*EXERCISE BRIEF*.
For the data below, the lines that hold "ezdxf" should be counted; only the resulting number is expected.
————————
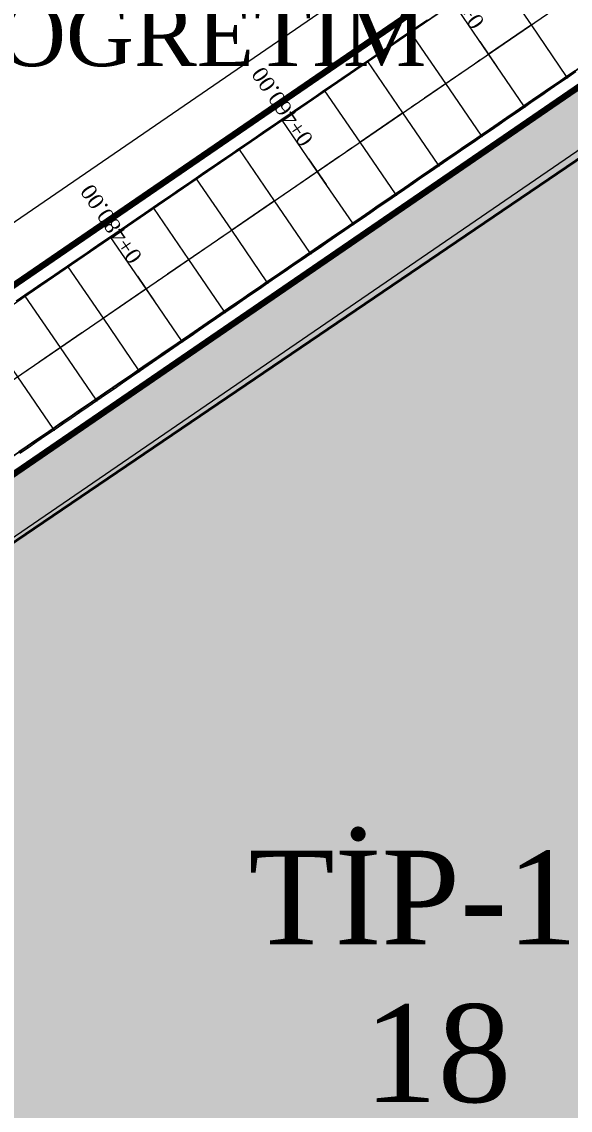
# Model space of a CAD drawing. Header units: metres. Extents: x 478603 to 489313, y 4282657 to 4289463.
# Drawn here: x 479959.8 to 480012.7, y 4287553.9 to 4287658.7 of the extents above; entities that cross this region are included whole.
import ezdxf

# ---------------------------------------------------------------- set-up
doc = ezdxf.new("R2010")
doc.units = ezdxf.units.M
for name, color, linetype, lineweight in [('ADAKENARI', 18, 'Continuous', 0), ('DEGER', 18, 'Continuous', 20), ('EKS_2', 5, 'Continuous', 0), ('EKSENLER', 3, 'Continuous', 0), ('HAT_ENERJI_NAKIL_HAT', 18, 'Continuous', 0), ('HDA_2', 30, 'Continuous', 0), ('HDO_2', 30, 'Continuous', 0), ('KALDIRIM', 11, 'Continuous', 0), ('KYA_2', 1, 'Continuous', 20), ('KYO_2', 1, 'Continuous', 20), ('PARSEL_ALAN', 254, 'Continuous', 0), ('PARSEL_SERA_ALAN', 9, 'Continuous', 40), ('PL_ALİNMAN', 1, 'Continuous', 0), ('PL_ENKESIT', 1, 'Continuous', 0), ('PL_KM', 4, 'Continuous', 0), ('PL_KMYAZI', 30, 'Continuous', 0), ('RAKORDMAN', 3, 'Continuous', 0), ('SEV_KYA_HDA', 3, 'Continuous', 0), ('SEV_KYO_HDO', 3, 'Continuous', 0), ('SNR_YAPIYAK', 18, 'Continuous', 0), ('YKA_2', 33, 'Continuous', 0), ('YKO_2', 33, 'Continuous', 0)]:
    doc.layers.add(name, color=color, linetype=linetype, lineweight=lineweight)
doc.styles.get("Standard").update_dxf_attribs({"font": 'times.ttf'})

msp = doc.modelspace()

# ---------------------------------------------------------------- hatches: boundary and pattern name
at = {"layer": 'PARSEL_ALAN'}
msp.add_hatch(color=256, dxfattribs=at).paths.add_polyline_path([(479996.22, 4287399.35), (480059.06, 4287488.92), (480291.13, 4287819.67), (480291.2, 4287822.99), (480283.53, 4287834.91), (480280.8, 4287835.46), (479887.05, 4287565.85), (479878.8, 4287560.2), (479992, 4287393.33)])
at = {"layer": 'PARSEL_SERA_ALAN'}
msp.add_hatch(color=256, dxfattribs=at).paths.add_polyline_path([(479889.34, 4287561.31), (480275.03, 4287822.94), (480280.65, 4287814.66), (480272.7, 4287809.28), (480264.76, 4287803.89), (480267.57, 4287799.75), (480259.62, 4287794.36), (480262.43, 4287790.22), (480254.48, 4287784.83), (480257.29, 4287780.69), (480241.4, 4287769.92), (480244.21, 4287765.78), (480236.26, 4287760.39), (480239.07, 4287756.25), (480231.12, 4287750.86), (480223.18, 4287745.47), (480225.99, 4287741.34), (480218.04, 4287735.95), (480220.85, 4287731.81), (480212.9, 4287726.42), (480215.71, 4287722.28), (480199.82, 4287711.5), (480202.63, 4287707.37), (480194.68, 4287701.98), (480197.49, 4287697.84), (480189.55, 4287692.45), (480192.35, 4287688.31), (480176.46, 4287677.53), (480179.27, 4287673.4), (480171.33, 4287668.01), (480174.13, 4287663.87), (480166.19, 4287658.48), (480168.99, 4287654.34), (480153.1, 4287643.56), (480155.91, 4287639.43), (480147.97, 4287634.04), (480150.77, 4287629.9), (480142.83, 4287624.51), (480134.88, 4287619.12), (480137.69, 4287614.98), (480129.75, 4287609.59), (480132.55, 4287605.46), (480124.61, 4287600.07), (480127.42, 4287595.93), (480111.53, 4287585.15), (480114.33, 4287581.01), (480106.39, 4287575.62), (480109.2, 4287571.49), (480101.25, 4287566.1), (480104.06, 4287561.96), (480088.17, 4287551.18), (480090.97, 4287547.04), (480083.03, 4287541.66), (480085.84, 4287537.52), (480069.95, 4287526.74), (480072.75, 4287522.6), (480064.81, 4287517.21), (480067.62, 4287513.07), (480059.67, 4287507.69), (480062.48, 4287503.55), (480046.59, 4287492.77), (480049.4, 4287488.63), (480041.45, 4287483.24), (480044.26, 4287479.1), (480036.31, 4287473.72), (480039.12, 4287469.58), (480023.23, 4287458.8), (480026.04, 4287454.66), (480018.09, 4287449.27), (480020.9, 4287445.13), (480005.01, 4287434.36), (480007.82, 4287430.22), (479999.87, 4287424.83), (480002.68, 4287420.69), (479994.73, 4287415.3), (479997.54, 4287411.16), (479989.6, 4287405.78), (479885.74, 4287558.88)])

# ---------------------------------------------------------------- linework, layer by layer
at = {"layer": 'ADAKENARI', "lineweight": 158}
for p, q in [((480355.14, 4287904.54), (479878.29, 4287578.03)), ((479887.05, 4287565.85), (480280.8, 4287835.46))]:
    msp.add_line(p, q, dxfattribs=at)
at = {"layer": 'EKS_2'}
for p in [(480008.91, 4287658.38, 937.84), (480004.79, 4287655.56, 937.6), (480000.66, 4287652.73, 937.35), (479996.54, 4287649.91, 937.11), (479992.41, 4287647.08, 936.87), (479988.28, 4287644.26, 936.63), (479984.16, 4287641.43, 936.39), (479980.03, 4287638.61, 936.15), (479975.91, 4287635.78, 935.91), (479971.78, 4287632.96, 935.67), (479967.66, 4287630.13, 935.43), (479963.53, 4287627.31, 935.19)]:
    msp.add_point(p, dxfattribs=at)
at = {"layer": 'EKSENLER'}
msp.add_line((480367.84, 4287904.14), (479880.57, 4287570.5), dxfattribs=at)
at = {"layer": 'HAT_ENERJI_NAKIL_HAT'}
msp.add_line((480053.97, 4287689.23, 119.22), (479898.93, 4287583.08, 119.22), dxfattribs=at)
at = {"layer": 'HDA_2'}
msp.add_polyline3d([(479998.92, 4287658.82, 937.28), (479998.09, 4287658.25, 937.23), (479997.27, 4287657.69, 937.18), (479996.44, 4287657.12, 937.14), (479995.62, 4287656.56, 937.09), (479994.79, 4287655.99, 937.04), (479993.97, 4287655.43, 936.99), (479993.14, 4287654.86, 936.94), (479992.32, 4287654.3, 936.9), (479991.49, 4287653.73, 936.85), (479990.67, 4287653.17, 936.8), (479989.84, 4287652.6, 936.75), (479989.01, 4287652.04, 936.7), (479988.19, 4287651.47, 936.65), (479987.36, 4287650.91, 936.61), (479986.54, 4287650.34, 936.56), (479985.71, 4287649.78, 936.51), (479984.89, 4287649.22, 936.46), (479984.06, 4287648.65, 936.41), (479983.24, 4287648.09, 936.37), (479982.41, 4287647.52, 936.32), (479981.59, 4287646.96, 936.27), (479980.76, 4287646.39, 936.22), (479979.94, 4287645.83, 936.17), (479979.11, 4287645.26, 936.12), (479978.29, 4287644.7, 936.08), (479977.46, 4287644.13, 936.03), (479976.64, 4287643.57, 935.98), (479975.81, 4287643, 935.93), (479974.99, 4287642.44, 935.88), (479974.16, 4287641.87, 935.83), (479973.34, 4287641.31, 935.79), (479972.51, 4287640.74, 935.74), (479971.69, 4287640.18, 935.69), (479970.86, 4287639.61, 935.64), (479970.04, 4287639.05, 935.59), (479969.21, 4287638.48, 935.55), (479968.39, 4287637.92, 935.5), (479967.56, 4287637.35, 935.45), (479966.74, 4287636.79, 935.4), (479965.91, 4287636.22, 935.35), (479965.09, 4287635.66, 935.3), (479964.26, 4287635.09, 935.26), (479963.44, 4287634.53, 935.21), (479962.61, 4287633.96, 935.16), (479961.79, 4287633.4, 935.11), (479960.96, 4287632.83, 935.06), (479960.14, 4287632.27, 935.02), (479959.31, 4287631.7, 934.97)], dxfattribs=at)
for p in [(479997.27, 4287657.69, 937.18), (479993.14, 4287654.86, 936.94), (479989.01, 4287652.04, 936.7), (479984.89, 4287649.22, 936.46), (479980.76, 4287646.39, 936.22), (479976.64, 4287643.57, 935.98), (479972.51, 4287640.74, 935.74), (479968.39, 4287637.92, 935.5), (479964.26, 4287635.09, 935.26), (479960.14, 4287632.27, 935.02)]:
    msp.add_point(p, dxfattribs=at)
at = {"layer": 'HDO_2'}
msp.add_polyline3d([(480013.14, 4287653.97, 937.71), (480012.32, 4287653.41, 937.67), (480011.49, 4287652.84, 937.62), (480010.67, 4287652.28, 937.57), (480009.84, 4287651.71, 937.52), (480009.02, 4287651.15, 937.47), (480008.19, 4287650.58, 937.43), (480007.37, 4287650.02, 937.38), (480006.54, 4287649.45, 937.33), (480005.72, 4287648.89, 937.28), (480004.89, 4287648.32, 937.23), (480004.07, 4287647.76, 937.18), (480003.24, 4287647.19, 937.14), (480002.42, 4287646.63, 937.09), (480001.59, 4287646.06, 937.04), (480000.77, 4287645.5, 936.99), (479999.94, 4287644.93, 936.94), (479999.12, 4287644.37, 936.9), (479998.29, 4287643.8, 936.85), (479997.47, 4287643.24, 936.8), (479996.64, 4287642.67, 936.75), (479995.82, 4287642.11, 936.7), (479994.99, 4287641.54, 936.65), (479994.17, 4287640.98, 936.61), (479993.34, 4287640.41, 936.56), (479992.52, 4287639.85, 936.51), (479991.69, 4287639.28, 936.46), (479990.87, 4287638.72, 936.41), (479990.04, 4287638.15, 936.36), (479989.22, 4287637.59, 936.32), (479988.39, 4287637.02, 936.27), (479987.57, 4287636.46, 936.22), (479986.74, 4287635.89, 936.17), (479985.92, 4287635.33, 936.12), (479985.09, 4287634.76, 936.08), (479984.27, 4287634.2, 936.03), (479983.44, 4287633.63, 935.98), (479982.62, 4287633.07, 935.93), (479981.79, 4287632.5, 935.88), (479980.97, 4287631.94, 935.83), (479980.14, 4287631.37, 935.79), (479979.31, 4287630.81, 935.74), (479978.49, 4287630.24, 935.69), (479977.66, 4287629.68, 935.64), (479976.84, 4287629.11, 935.59), (479976.01, 4287628.55, 935.55), (479975.19, 4287627.98, 935.5), (479974.36, 4287627.42, 935.45), (479973.54, 4287626.85, 935.4), (479972.71, 4287626.29, 935.35), (479971.89, 4287625.72, 935.3), (479971.06, 4287625.16, 935.26), (479970.24, 4287624.59, 935.21), (479969.41, 4287624.03, 935.16), (479968.59, 4287623.46, 935.11), (479967.76, 4287622.9, 935.06), (479966.94, 4287622.33, 935.01), (479966.11, 4287621.77, 934.97), (479965.29, 4287621.2, 934.92), (479964.46, 4287620.64, 934.87), (479963.64, 4287620.07, 934.82), (479962.81, 4287619.51, 934.77), (479961.99, 4287618.94, 934.73), (479961.16, 4287618.38, 934.68), (479960.34, 4287617.81, 934.63), (479959.51, 4287617.25, 934.58)], dxfattribs=at)
for p in [(480012.32, 4287653.41, 937.67), (480008.19, 4287650.58, 937.43), (480004.07, 4287647.76, 937.18), (479999.94, 4287644.93, 936.94), (479995.82, 4287642.11, 936.7), (479991.69, 4287639.28, 936.46), (479987.57, 4287636.46, 936.22), (479983.44, 4287633.63, 935.98), (479979.31, 4287630.81, 935.74), (479975.19, 4287627.98, 935.5), (479971.06, 4287625.16, 935.26), (479966.94, 4287622.33, 935.01), (479962.81, 4287619.51, 934.77)]:
    msp.add_point(p, dxfattribs=at)
at = {"layer": 'KALDIRIM'}
for p, q in [((480358.43, 4287904.97), (479877.18, 4287575.45)), ((479871.35, 4287556.88), (480278.88, 4287835.96))]:
    msp.add_line(p, q, dxfattribs=at)
at = {"layer": 'KYA_2'}
msp.add_polyline3d([(479998.89, 4287658.86, 937.74), (479998.06, 4287658.29, 937.7), (479997.24, 4287657.73, 937.67), (479996.41, 4287657.16, 937.62), (479995.59, 4287656.6, 937.57), (479994.76, 4287656.03, 937.52), (479993.94, 4287655.47, 937.48), (479993.11, 4287654.9, 937.43), (479992.29, 4287654.34, 937.4), (479991.46, 4287653.78, 937.38), (479990.63, 4287653.22, 937.35), (479989.81, 4287652.65, 937.32), (479988.98, 4287652.09, 937.3), (479988.16, 4287651.53, 937.26), (479987.33, 4287650.96, 937.23), (479986.5, 4287650.4, 937.19), (479985.68, 4287649.83, 937.16), (479984.85, 4287649.27, 937.12), (479984.03, 4287648.71, 937.08), (479983.2, 4287648.14, 937.05), (479982.38, 4287647.58, 937.01), (479981.55, 4287647.01, 936.97), (479980.72, 4287646.45, 936.93), (479979.9, 4287645.88, 936.89), (479979.07, 4287645.32, 936.86), (479978.25, 4287644.76, 936.82), (479977.42, 4287644.19, 936.78), (479976.59, 4287643.63, 936.75), (479975.77, 4287643.06, 936.71), (479974.94, 4287642.5, 936.67), (479974.12, 4287641.94, 936.63), (479973.29, 4287641.37, 936.6), (479972.47, 4287640.81, 936.56), (479971.64, 4287640.24, 936.51), (479970.82, 4287639.68, 936.47), (479969.99, 4287639.11, 936.43), (479969.17, 4287638.55, 936.38), (479968.34, 4287637.98, 936.34), (479967.51, 4287637.42, 936.3), (479966.69, 4287636.86, 936.26), (479965.86, 4287636.29, 936.22), (479965.04, 4287635.73, 936.18), (479964.21, 4287635.16, 936.14), (479963.39, 4287634.6, 936.12), (479962.56, 4287634.04, 936.09), (479961.73, 4287633.47, 936.07), (479960.91, 4287632.91, 936.04), (479960.08, 4287632.35, 936.02), (479959.25, 4287631.78, 935.98)], dxfattribs=at)
for p in [(479997.24, 4287657.73, 937.67), (479993.11, 4287654.9, 937.43), (479988.98, 4287652.09, 937.3), (479984.85, 4287649.27, 937.12), (479980.72, 4287646.45, 936.93), (479976.59, 4287643.63, 936.75), (479972.47, 4287640.81, 936.56), (479968.34, 4287637.98, 936.34), (479964.21, 4287635.16, 936.14), (479960.08, 4287632.35, 936.02)]:
    msp.add_point(p, dxfattribs=at)
at = {"layer": 'KYO_2'}
msp.add_polyline3d([(480013.21, 4287653.87, 938.96), (480012.39, 4287653.3, 938.92), (480011.56, 4287652.74, 938.89), (480010.74, 4287652.17, 938.86), (480009.92, 4287651.6, 938.83), (480009.09, 4287651.04, 938.81), (480008.27, 4287650.47, 938.78), (480007.45, 4287649.9, 938.75), (480006.62, 4287649.34, 938.72), (480005.8, 4287648.77, 938.7), (480004.97, 4287648.2, 938.67), (480004.15, 4287647.64, 938.64), (480003.32, 4287647.07, 938.59), (480002.5, 4287646.51, 938.53), (480001.67, 4287645.94, 938.48), (480000.85, 4287645.38, 938.42), (480000.02, 4287644.81, 938.37), (479999.2, 4287644.25, 938.32), (479998.37, 4287643.68, 938.28), (479997.55, 4287643.12, 938.23), (479996.72, 4287642.55, 938.19), (479995.9, 4287641.99, 938.14), (479995.07, 4287641.42, 938.11), (479994.25, 4287640.86, 938.08), (479993.43, 4287640.29, 938.05), (479992.6, 4287639.72, 938.01), (479991.78, 4287639.16, 937.98), (479990.95, 4287638.59, 937.93), (479990.13, 4287638.03, 937.87), (479989.3, 4287637.46, 937.82), (479988.48, 4287636.9, 937.76), (479987.65, 4287636.33, 937.71), (479986.82, 4287635.77, 937.65), (479986, 4287635.21, 937.6), (479985.17, 4287634.64, 937.54), (479984.35, 4287634.08, 937.49), (479983.52, 4287633.51, 937.43), (479982.7, 4287632.95, 937.4), (479981.87, 4287632.38, 937.37), (479981.05, 4287631.81, 937.34), (479980.23, 4287631.25, 937.31), (479979.4, 4287630.68, 937.28), (479978.58, 4287630.11, 937.25), (479977.75, 4287629.55, 937.22), (479976.93, 4287628.98, 937.19), (479976.11, 4287628.41, 937.16), (479975.28, 4287627.85, 937.13), (479974.46, 4287627.28, 937.09), (479973.63, 4287626.72, 937.06), (479972.81, 4287626.15, 937.02), (479971.98, 4287625.58, 936.98), (479971.16, 4287625.02, 936.95), (479970.33, 4287624.45, 936.91), (479969.51, 4287623.89, 936.87), (479968.69, 4287623.32, 936.84), (479967.86, 4287622.75, 936.8), (479967.04, 4287622.19, 936.76), (479966.21, 4287621.62, 936.72), (479965.39, 4287621.06, 936.67), (479964.56, 4287620.49, 936.63), (479963.74, 4287619.93, 936.59), (479962.91, 4287619.36, 936.55), (479962.09, 4287618.8, 936.49), (479961.26, 4287618.23, 936.44), (479960.44, 4287617.67, 936.38), (479959.61, 4287617.1, 936.33)], dxfattribs=at)
for p in [(480012.39, 4287653.3, 938.92), (480008.27, 4287650.47, 938.78), (480004.15, 4287647.64, 938.64), (480000.02, 4287644.81, 938.37), (479995.9, 4287641.99, 938.14), (479991.78, 4287639.16, 937.98), (479987.65, 4287636.33, 937.71), (479983.52, 4287633.51, 937.43), (479979.4, 4287630.68, 937.28), (479975.28, 4287627.85, 937.13), (479971.16, 4287625.02, 936.95), (479967.04, 4287622.19, 936.76), (479962.91, 4287619.36, 936.55)]:
    msp.add_point(p, dxfattribs=at)
at = {"layer": 'PARSEL_ALAN'}
for points in [[(479996.22, 4287399.35, 939.64), (480059.06, 4287488.92, 943.27), (480291.13, 4287819.67, 945.98), (480291.2, 4287822.99, 946.04), (480283.53, 4287834.91, 945.68), (480280.8, 4287835.46, 945.57), (479887.05, 4287565.85, 932.11), (479878.8, 4287560.2, 932.16), (479992, 4287393.33, 939.52), (479996.22, 4287399.35, 939.64)], [(479996.22, 4287399.35, 0), (480059.06, 4287488.92, 0), (480291.13, 4287819.67, 0), (480291.2, 4287822.99, 0), (480283.53, 4287834.91, 0), (480280.8, 4287835.46, 0), (479887.05, 4287565.85, 0), (479878.8, 4287560.2, 0), (479992, 4287393.33, 0), (479996.22, 4287399.35, 0)]]:
    msp.add_polyline3d(points, close=True, dxfattribs=at)
at = {"layer": 'PARSEL_SERA_ALAN'}
msp.add_polyline3d([(479989.6, 4287405.78, 0), (479885.74, 4287558.88, 0), (479889.34, 4287561.31, 0), (479889.34, 4287561.31, 0), (480275.03, 4287822.94, 0)], dxfattribs=at)
msp.add_polyline3d([(479989.6, 4287405.78, 0), (479885.74, 4287558.88, 0), (479889.34, 4287561.31, 0), (479889.34, 4287561.31, 0), (480275.03, 4287822.94, 0)], dxfattribs=at)
at = {"layer": 'PL_ALİNMAN'}
for p, q in [((480008.91, 4287658.38), (480004.79, 4287655.56)), ((480003.96, 4287654.99), (480003.55, 4287654.71)), ((480002.72, 4287654.14), (479998.6, 4287651.32)), ((479997.77, 4287650.75), (479997.36, 4287650.47)), ((479996.54, 4287649.91), (479992.41, 4287647.08)), ((479991.59, 4287646.52), (479991.17, 4287646.23)), ((479990.35, 4287645.67), (479986.22, 4287642.84)), ((479984.16, 4287641.43), (479980.03, 4287638.61)), ((479985.4, 4287642.28), (479984.98, 4287642)), ((479977.97, 4287637.19), (479973.85, 4287634.37)), ((479979.21, 4287638.04), (479978.8, 4287637.76)), ((479971.78, 4287632.96), (479967.66, 4287630.13)), ((479973.02, 4287633.8), (479972.61, 4287633.52)), ((479965.59, 4287628.72), (479961.47, 4287625.89)), ((479966.83, 4287629.57), (479966.42, 4287629.28)), ((479960.64, 4287625.33), (479960.23, 4287625.05))]:
    msp.add_line(p, q, dxfattribs=at)
at = {"layer": 'PL_ENKESIT'}
for points in [[(480012.39, 4287653.3, 938.92), (480012.32, 4287653.41, 937.67), (480012.31, 4287653.42, 937.72), (480008.91, 4287658.38, 937.84), (480005.52, 4287663.33, 937.72), (480005.52, 4287663.34, 937.67), (480005.49, 4287663.38, 938.1)], [(480008.27, 4287650.47, 938.78), (480008.19, 4287650.58, 937.43), (480008.19, 4287650.59, 937.48), (480004.79, 4287655.56, 937.6), (480001.4, 4287660.51, 937.48), (480001.39, 4287660.51, 937.43), (480001.37, 4287660.55, 937.86)], [(480004.15, 4287647.64, 938.64), (480004.07, 4287647.76, 937.18), (480004.06, 4287647.77, 937.23), (480000.66, 4287652.73, 937.35), (479997.27, 4287657.68, 937.23), (479997.27, 4287657.69, 937.18), (479997.24, 4287657.73, 937.67)], [(480000.02, 4287644.81, 938.37), (479999.94, 4287644.93, 936.94), (479999.94, 4287644.94, 936.99), (479996.54, 4287649.91, 937.11), (479993.15, 4287654.86, 936.99), (479993.14, 4287654.86, 936.94), (479993.11, 4287654.9, 937.43)], [(479995.9, 4287641.99, 938.14), (479995.82, 4287642.11, 936.7), (479995.81, 4287642.11, 936.75), (479992.41, 4287647.08, 936.87), (479989.02, 4287652.03, 936.75), (479989.01, 4287652.04, 936.7), (479988.98, 4287652.09, 937.3)], [(479991.78, 4287639.16, 937.98), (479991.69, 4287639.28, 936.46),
————————
*RESULT FOR THIS TASK*.
3